**Brief**
Excluding all pictures, please output the listing exactly.

**Dataset content**
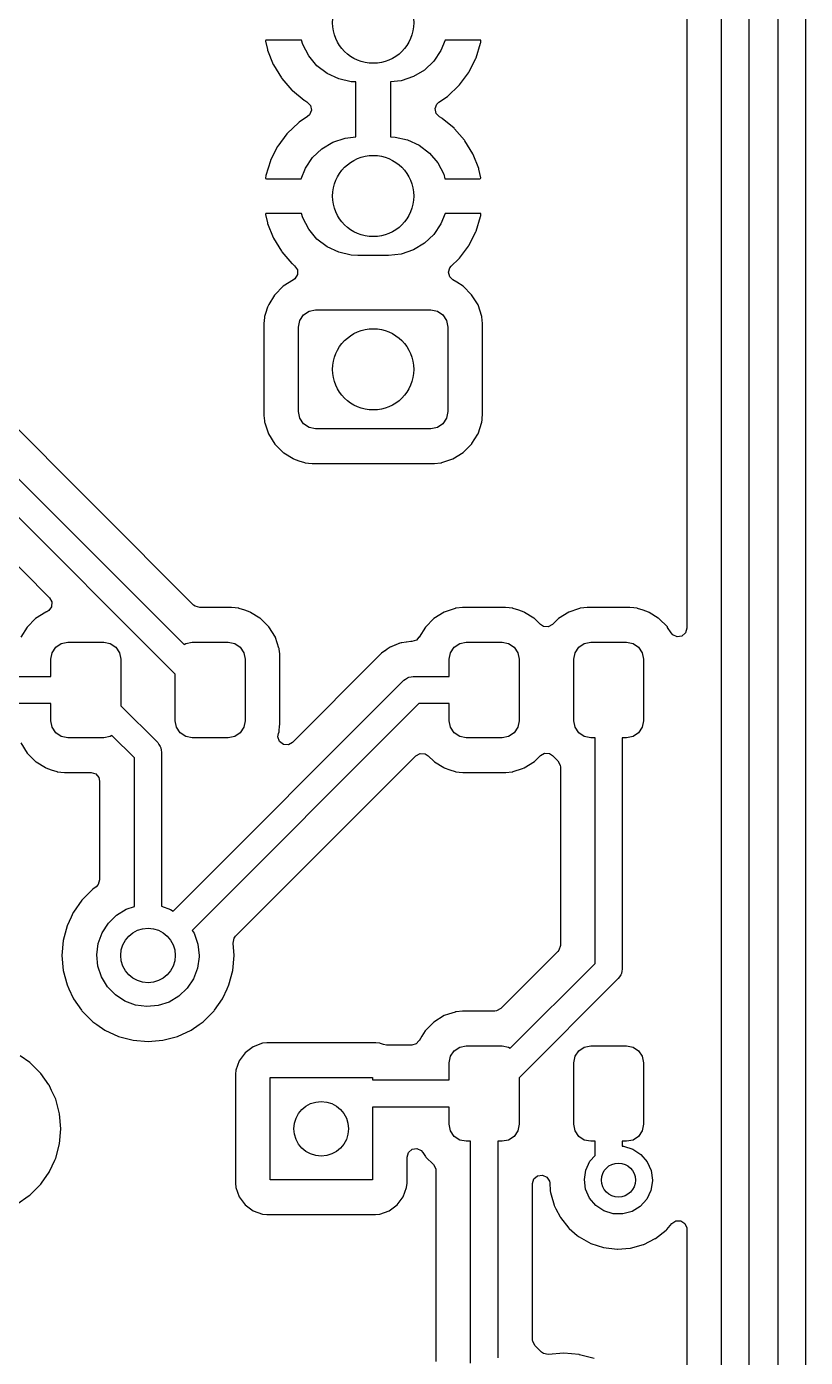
# Model space of a CAD drawing. Extents: x 83 to 135, y -230 to -45.
# Drawn here: x 123.19 to 134.61, y -139.57 to -120.07 of the extents above; entities that cross this region are included whole.
import ezdxf

# ---------------------------------------------------------------- set-up
doc = ezdxf.new("R2010")
doc.units = 0
doc.layers.add('BLACK', color=7, linetype='CONTINUOUS')

msp = doc.modelspace()

# ---------------------------------------------------------------- linework, layer by layer
at = {"layer": 'BLACK', "linetype": 'CONTINUOUS'}
for p, q in [((134.207, -221.872), (134.207, -113.017)), ((134.607, -112.934), (134.607, -221.956)), ((133.379, -211.399), (133.379, -113.214)), ((133.779, -113.132), (133.779, -211.482)), ((132.87, -116.721), (132.87, -128.89)), ((126.695, -120.273), (126.693, -120.284)), ((126.693, -120.284), (126.719, -120.407)), ((126.708, -120.269), (126.695, -120.273)), ((127.218, -120.269), (126.708, -120.269)), ((127.236, -120.335), (127.218, -120.269)), ((129.325, -120.269), (129.263, -120.423)), ((129.834, -120.269), (129.325, -120.269)), ((129.778, -120.53), (129.844, -120.317)), ((129.847, -120.273), (129.834, -120.269)), ((129.844, -120.317), (129.846, -120.307)), ((129.846, -120.307), (129.849, -120.287)), ((129.849, -120.287), (129.847, -120.273)), ((126.719, -120.407), (126.722, -120.417)), ((126.722, -120.417), (126.804, -120.625)), ((127.324, -120.501), (127.236, -120.335)), ((127.445, -120.645), (127.324, -120.501)), ((129.263, -120.423), (129.158, -120.579)), ((126.804, -120.625), (126.809, -120.634)), ((126.809, -120.634), (126.925, -120.825)), ((127.594, -120.759), (127.445, -120.645)), ((129.021, -120.708), (128.86, -120.805)), ((129.158, -120.579), (129.021, -120.708)), ((129.673, -120.739), (129.774, -120.54)), ((129.774, -120.54), (129.778, -120.53)), ((125.637, -128.549), (117.893, -120.804)), ((126.925, -120.825), (126.931, -120.834)), ((126.931, -120.834), (127.077, -121.002)), ((127.765, -120.839), (127.594, -120.759)), ((127.948, -120.88), (127.765, -120.839)), ((128.016, -120.883), (127.948, -120.88)), ((128.016, -121.688), (128.016, -120.883)), ((128.682, -120.865), (128.524, -120.882)), ((128.524, -120.882), (128.524, -121.687)), ((128.86, -120.805), (128.682, -120.865)), ((129.534, -120.927), (129.667, -120.748)), ((129.667, -120.748), (129.673, -120.739)), ((127.077, -121.002), (127.085, -121.01)), ((127.085, -121.01), (127.258, -121.151)), ((129.233, -121.18), (129.357, -121.096)), ((129.357, -121.096), (129.365, -121.089)), ((129.365, -121.089), (129.527, -120.935)), ((129.527, -120.935), (129.534, -120.927)), ((117.513, -121.144), (125.498, -129.129)), ((127.258, -121.151), (127.266, -121.157)), ((127.266, -121.157), (127.299, -121.176)), ((127.299, -121.176), (127.349, -121.227)), ((127.363, -121.297), (127.337, -121.363)), ((127.349, -121.227), (127.363, -121.297)), ((129.177, -121.273), (129.203, -121.207)), ((129.191, -121.343), (129.177, -121.273)), ((129.203, -121.207), (129.233, -121.18)), ((125.368, -129.564), (117.289, -121.485)), ((127.175, -121.481), (127.013, -121.635)), ((127.183, -121.474), (127.175, -121.481)), ((127.307, -121.39), (127.183, -121.474)), ((127.337, -121.363), (127.307, -121.39)), ((129.241, -121.394), (129.191, -121.343)), ((129.274, -121.413), (129.241, -121.394)), ((129.282, -121.419), (129.274, -121.413)), ((129.455, -121.56), (129.282, -121.419)), ((127.006, -121.643), (126.873, -121.822)), ((127.013, -121.635), (127.006, -121.643)), ((127.858, -121.705), (128.016, -121.688)), ((128.524, -121.687), (128.592, -121.69)), ((128.592, -121.69), (128.775, -121.731)), ((129.463, -121.568), (129.455, -121.56)), ((129.609, -121.736), (129.463, -121.568)), ((126.867, -121.831), (126.766, -122.03)), ((126.873, -121.822), (126.867, -121.831)), ((127.382, -121.991), (127.519, -121.862)), ((127.519, -121.862), (127.68, -121.765)), ((127.68, -121.765), (127.858, -121.705)), ((128.775, -121.731), (128.946, -121.811)), ((128.946, -121.811), (129.095, -121.925)), ((129.615, -121.745), (129.609, -121.736)), ((129.731, -121.936), (129.615, -121.745)), ((117.115, -122.03), (123.526, -128.441)), ((126.762, -122.04), (126.696, -122.253)), ((126.766, -122.03), (126.762, -122.04)), ((127.277, -122.147), (127.382, -121.991)), ((129.095, -121.925), (129.216, -122.069)), ((129.216, -122.069), (129.304, -122.235)), ((129.736, -121.945), (129.731, -121.936)), ((129.818, -122.153), (129.736, -121.945)), ((126.694, -122.263), (126.691, -122.283)), ((126.696, -122.253), (126.694, -122.263)), ((127.215, -122.301), (127.277, -122.147)), ((129.304, -122.235), (129.322, -122.301)), ((129.821, -122.163), (129.818, -122.153)), ((129.847, -122.286), (129.821, -122.163)), ((126.691, -122.283), (126.693, -122.297)), ((126.693, -122.297), (126.706, -122.301)), ((126.706, -122.301), (127.215, -122.301)), ((129.322, -122.301), (129.832, -122.301)), ((129.832, -122.301), (129.845, -122.297)), ((129.845, -122.297), (129.847, -122.286)), ((126.695, -122.813), (126.693, -122.824)), ((126.693, -122.824), (126.719, -122.947)), ((126.708, -122.809), (126.695, -122.813)), ((127.218, -122.809), (126.708, -122.809)), ((127.236, -122.875), (127.218, -122.809)), ((129.325, -122.809), (129.263, -122.963)), ((129.834, -122.809), (129.325, -122.809)), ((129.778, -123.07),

**Output of the exercise**
# Model space of a CAD drawing. Extents: x 83 to 135, y -230 to -45.
# Drawn here: x 123.19 to 134.61, y -139.57 to -120.07 of the extents above; entities that cross this region are included whole.
import ezdxf

# ---------------------------------------------------------------- set-up
doc = ezdxf.new("R2010")
doc.units = 0
doc.layers.add('BLACK', color=7, linetype='CONTINUOUS')

msp = doc.modelspace()

# ---------------------------------------------------------------- linework, layer by layer
at = {"layer": 'BLACK', "linetype": 'CONTINUOUS'}
for p, q in [((134.207, -221.872), (134.207, -113.017)), ((134.607, -112.934), (134.607, -221.956)), ((133.379, -211.399), (133.379, -113.214)), ((133.779, -113.132), (133.779, -211.482)), ((132.87, -116.721), (132.87, -128.89)), ((126.695, -120.273), (126.693, -120.284)), ((126.693, -120.284), (126.719, -120.407)), ((126.708, -120.269), (126.695, -120.273)), ((127.218, -120.269), (126.708, -120.269)), ((127.236, -120.335), (127.218, -120.269)), ((129.325, -120.269), (129.263, -120.423)), ((129.834, -120.269), (129.325, -120.269)), ((129.778, -120.53), (129.844, -120.317)), ((129.847, -120.273), (129.834, -120.269)), ((129.844, -120.317), (129.846, -120.307)), ((129.846, -120.307), (129.849, -120.287)), ((129.849, -120.287), (129.847, -120.273)), ((126.719, -120.407), (126.722, -120.417)), ((126.722, -120.417), (126.804, -120.625)), ((127.324, -120.501), (127.236, -120.335)), ((127.445, -120.645), (127.324, -120.501)), ((129.263, -120.423), (129.158, -120.579)), ((126.804, -120.625), (126.809, -120.634)), ((126.809, -120.634), (126.925, -120.825)), ((127.594, -120.759), (127.445, -120.645)), ((129.021, -120.708), (128.86, -120.805)), ((129.158, -120.579), (129.021, -120.708)), ((129.673, -120.739), (129.774, -120.54)), ((129.774, -120.54), (129.778, -120.53)), ((125.637, -128.549), (117.893, -120.804)), ((126.925, -120.825), (126.931, -120.834)), ((126.931, -120.834), (127.077, -121.002)), ((127.765, -120.839), (127.594, -120.759)), ((127.948, -120.88), (127.765, -120.839)), ((128.016, -120.883), (127.948, -120.88)), ((128.016, -121.688), (128.016, -120.883)), ((128.682, -120.865), (128.524, -120.882)), ((128.524, -120.882), (128.524, -121.687)), ((128.86, -120.805), (128.682, -120.865)), ((129.534, -120.927), (129.667, -120.748)), ((129.667, -120.748), (129.673, -120.739)), ((127.077, -121.002), (127.085, -121.01)), ((127.085, -121.01), (127.258, -121.151)), ((129.233, -121.18), (129.357, -121.096)), ((129.357, -121.096), (129.365, -121.089)), ((129.365, -121.089), (129.527, -120.935)), ((129.527, -120.935), (129.534, -120.927)), ((117.513, -121.144), (125.498, -129.129)), ((127.258, -121.151), (127.266, -121.157)), ((127.266, -121.157), (127.299, -121.176)), ((127.299, -121.176), (127.349, -121.227)), ((127.363, -121.297), (127.337, -121.363)), ((127.349, -121.227), (127.363, -121.297)), ((129.177, -121.273), (129.203, -121.207)), ((129.191, -121.343), (129.177, -121.273)), ((129.203, -121.207), (129.233, -121.18)), ((125.368, -129.564), (117.289, -121.485)), ((127.175, -121.481), (127.013, -121.635)), ((127.183, -121.474), (127.175, -121.481)), ((127.307, -121.39), (127.183, -121.474)), ((127.337, -121.363), (127.307, -121.39)), ((129.241, -121.394), (129.191, -121.343)), ((129.274, -121.413), (129.241, -121.394)), ((129.282, -121.419), (129.274, -121.413)), ((129.455, -121.56), (129.282, -121.419)), ((127.006, -121.643), (126.873, -121.822)), ((127.013, -121.635), (127.006, -121.643)), ((127.858, -121.705), (128.016, -121.688)), ((128.524, -121.687), (128.592, -121.69)), ((128.592, -121.69), (128.775, -121.731)), ((129.463, -121.568), (129.455, -121.56)), ((129.609, -121.736), (129.463, -121.568)), ((126.867, -121.831), (126.766, -122.03)), ((126.873, -121.822), (126.867, -121.831)), ((127.382, -121.991), (127.519, -121.862)), ((127.519, -121.862), (127.68, -121.765)), ((127.68, -121.765), (127.858, -121.705)), ((128.775, -121.731), (128.946, -121.811)), ((128.946, -121.811), (129.095, -121.925)), ((129.615, -121.745), (129.609, -121.736)), ((129.731, -121.936), (129.615, -121.745)), ((117.115, -122.03), (123.526, -128.441)), ((126.762, -122.04), (126.696, -122.253)), ((126.766, -122.03), (126.762, -122.04)), ((127.277, -122.147), (127.382, -121.991)), ((129.095, -121.925), (129.216, -122.069)), ((129.216, -122.069), (129.304, -122.235)), ((129.736, -121.945), (129.731, -121.936)), ((129.818, -122.153), (129.736, -121.945)), ((126.694, -122.263), (126.691, -122.283)), ((126.696, -122.253), (126.694, -122.263)), ((127.215, -122.301), (127.277, -122.147)), ((129.304, -122.235), (129.322, -122.301)), ((129.821, -122.163), (129.818, -122.153)), ((129.847, -122.286), (129.821, -122.163)), ((126.691, -122.283), (126.693, -122.297)), ((126.693, -122.297), (126.706, -122.301)), ((126.706, -122.301), (127.215, -122.301)), ((129.322, -122.301), (129.832, -122.301)), ((129.832, -122.301), (129.845, -122.297)), ((129.845, -122.297), (129.847, -122.286)), ((126.695, -122.813), (126.693, -122.824)), ((126.693, -122.824), (126.719, -122.947)), ((126.708, -122.809), (126.695, -122.813)), ((127.218, -122.809), (126.708, -122.809)), ((127.236, -122.875), (127.218, -122.809)), ((129.325, -122.809), (129.263, -122.963)), ((129.834, -122.809), (129.325, -122.809)), ((129.778, -123.07),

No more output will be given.